# Simple and cheap DIY DC-DC converter for gate drive



## PStechPaul (May 1, 2012)

I am working on an SCR gate drive board where I need a continuous DC current to two large SCRs connected anti-parallel for an AC switch on mains up to 480 or 560 VAC. That part of the design may not have much application for EVs, but it might be worth looking at the DC-DC converter I am designing to provide the gate drive. For SCRs of this size (up to 1000A 1600V), the gate may need 200-300 mA, and for my intended application of driving a highly inductive load (a power transformer with 10-20V secondary at up to 100,000 amps into a circuit breaker), we have found that it is best to keep gate current applied continuously.

Another important feature of the SCR trigger board is applying the gate drive at or close to the voltage peak, to reduce the DC offset and high surge current that will occur using a zero-voltage switch which is more common and ideal for resistive and incandescent loads.

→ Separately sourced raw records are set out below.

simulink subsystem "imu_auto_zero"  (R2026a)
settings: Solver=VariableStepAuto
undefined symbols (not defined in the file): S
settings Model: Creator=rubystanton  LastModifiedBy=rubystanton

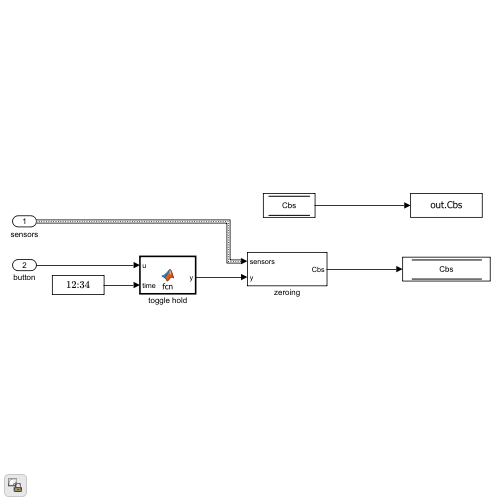
[thumbnail: Simulink's stored preview of the top-level diagram]
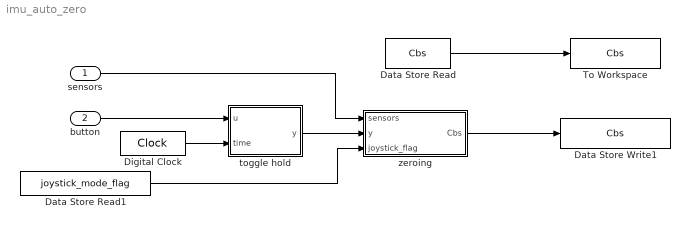
== system imu_auto_zero ==
  sensors : Inport
  button : Inport  Port=2
  Data Store Read : DataStoreRead  DataStoreName=Cbs  IndexOptions=Index vector (dialog)  Indices=1  OutputSizes=1
  Data Store Read1 : DataStoreRead  DataStoreName=joystick_mode_flag  IndexOptions=Index vector (dialog)  Indices=1  OutputSizes=1
  Data Store Write1 : DataStoreWrite  DataStoreName=Cbs  IndexOptions=Index vector (dialog)  Indices=1  OutputSizes=1
  Digital Clock : DigitalClock  SampleTime=S.dt_sim
  To Workspace : ToWorkspace  VariableName=Cbs  SaveFormat=Timeseries  SampleTime=-1
  toggle hold : MATLAB Function  TreatAsAtomicUnit=on
  zeroing : Subsystem
  wires:
  toggle hold/1(y) -> zeroing/2(y)
  Digital Clock/1 -> toggle hold/2(time)
  zeroing/1(Cbs) -> Data Store Write1/1
  Data Store Read/1 -> To Workspace/1
  sensors/1 -> zeroing/1(sensors)
  button/1 -> toggle hold/1(u)
  Data Store Read1/1 -> zeroing/3(joystick_flag)

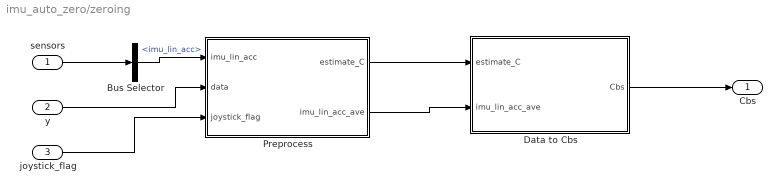
== system imu_auto_zero/zeroing ==
  sensors : Inport
  y : Inport  Port=2
  joystick_flag : Inport  Port=3
  Bus Selector : BusSelector  OutputSignals=imu_lin_acc
  Data to Cbs : MATLAB Function  TreatAsAtomicUnit=on
  Preprocess : MATLAB Function  TreatAsAtomicUnit=on
  Cbs : Outport
  wires:
  joystick_flag/1 -> Preprocess/3(joystick_flag)
  sensors/1 -> Bus Selector/1
  Bus Selector/1 -> Preprocess/1(imu_lin_acc)  "<imu_lin_acc>"
  Data to Cbs/1(Cbs) -> Cbs/1
  Preprocess/1(estimate_C) -> Data to Cbs/1(estimate_C)
  Preprocess/2(imu_lin_acc_ave) -> Data to Cbs/2(imu_lin_acc_ave)
  y/1 -> Preprocess/2(data)

== matlab function imu_auto_zero/toggle hold ==
  data: u input; y output; time input
function y = fcn(u, time)
%toggled true for 11 seconds after receiving a true button press
persistent zero_imu
persistent time_push
if isempty(zero_imu)
    zero_imu =false;
    time_push = -10;
end
if u == 1
    zero_imu = true;
    time_push = time;
end
if u~=1 && (time - time_push)>=11
    zero_imu = false;
end
y = zero_imu;

== matlab function imu_auto_zero/zeroing/Data to Cbs ==
  data: estimate_C input; imu_lin_acc_ave input; Cbs output; P parameter
function Cbs  = fcn(estimate_C,imu_lin_acc_ave,P)
% reevaluates zeroing rotation matrix
%
persistent Cbs_last;
if isempty(Cbs_last)
    Cbs_last = P.Sensors.imu.Cbimu_meas;
end
if estimate_C
    g_o = 9.80665;%[m/s^2]
    gi_ideal = [0;0;-g_o];
    %% Preprocessing
    options = optimoptions("fsolve",...
        Display="none",FunctionTolerance=1e-10,Algorithm="levenberg-marquardt");
    guess = [0*pi/180;0*pi/180;0*pi/180];
    %% Fsolve
    fun = @(x)rotation(x,gi_ideal,imu_lin_acc_ave);
    guess_new = fsolve(fun,guess,options);
    Cbs = eulToRotm(guess_new);
    Cbs_last = Cbs;
else
    Cbs = Cbs_last;
end
%% Helper function
function F = rotation(x,gi_ideal,sensor_read)
F = sqrt(((cos(x(2))*cos(x(3)) * gi_ideal(1)...
    +cos(x(2))*sin(x(3)) * gi_ideal(2)...
    -sin(x(2))*gi_ideal(3))-sensor_read(1))^2+...
    ((cos(x(1))*sin(x(2)) + sin(x(1))*sin(x(2))*cos(x(3)))*gi_ideal(1)...
    +(cos(x(1))*cos(x(3)) + sin(x(1)*sin(x(2))*sin(x(3))))*gi_ideal(2)...
    +sin(x(1))*cos(x(2))*gi_ideal(3)...
    - sensor_read(2))^2+...
    ((sin(x(1))*sin(x(3))+cos(x(1))*sin(x(2))*cos(x(3)))*gi_ideal(1)...
    +(-sin(x(1))*cos(x(3))+cos(x(1))*sin(x(2))*sin(x(3)))*gi_ideal(2)...
    +(cos(x(1))*cos(x(2)))*gi_ideal(3) ...
    -sensor_read(3))^2);
end
debug = Cbs(2);
end

== matlab function imu_auto_zero/zeroing/Preprocess ==
  data: estimate_C output; imu_lin_acc input; imu_lin_acc_ave output; data input; joystick_flag input
function [estimate_C,imu_lin_acc_ave] = fcn(imu_lin_acc, data,joystick_flag)
threshold = 10e3; %number of imu data points we're going off of
persistent averageing_index
persistent imu_lin_acc_stored 

if isempty(averageing_index)
    averageing_index = 0;
end    
if isempty(imu_lin_acc_stored)
    imu_lin_acc_stored = zeros(3,1,threshold); %indexes for 10s of data
end
averageing_index = averageing_index + 1;

if ~data
    averageing_index =0;
end


if joystick_flag&&(averageing_index < threshold && data)
    estimate_C = false;
    imu_lin_acc_stored(:,:,averageing_index) = imu_lin_acc(:);
    imu_lin_acc_ave = [0;0;-9.80665];
elseif joystick_flag&&averageing_index == threshold
    imu_lin_acc_stored(:,:,averageing_index) = imu_lin_acc(:);
    imu_lin_acc_ave = zeros(3,1);
    imu_lin_acc_ave(1) = mean(imu_lin_acc_stored(1,:,:));
    imu_lin_acc_ave(2) = mean(imu_lin_acc_stored(2,:,:));
    imu_lin_acc_ave(3) = mean(imu_lin_acc_stored(3,:,:));
    estimate_C = true;
else
    imu_lin_acc_ave = [0;0;-9.80665];
    estimate_C = false;
end

I will show the overall schematic of this device, but mostly I will discuss the DC-DC converter that I made, which uses 12 VDC input and generates about 8-12 VDC output through a constant current circuit into the SCR gates. Two of these are needed, and the isolation must withstand continuous use on 480 VAC mains, which generally requires at least 4000 volts insulation test. Most DC-DC converters are not rated at this level, and the few that are, cost about $20 or more.

Page 1: Control section and drivers for DC-DC transformers:









Page 2: Transformers, gate power supplies, and drive circuitry:


----------



## PStechPaul (May 1, 2012)

Here is a picture of the transformer bobbin with 30 turns of #24 AWG on primary and secondary. The coilformer is made for EI187 cores.










I had to open up the ID of the bobbin to fit the E20/10/6 cores I had. This one uses N87 material which has a higher AL and capable of 100 kHz and higher. The other one is identical except it has N27 material, recommended for 25-50 kHz.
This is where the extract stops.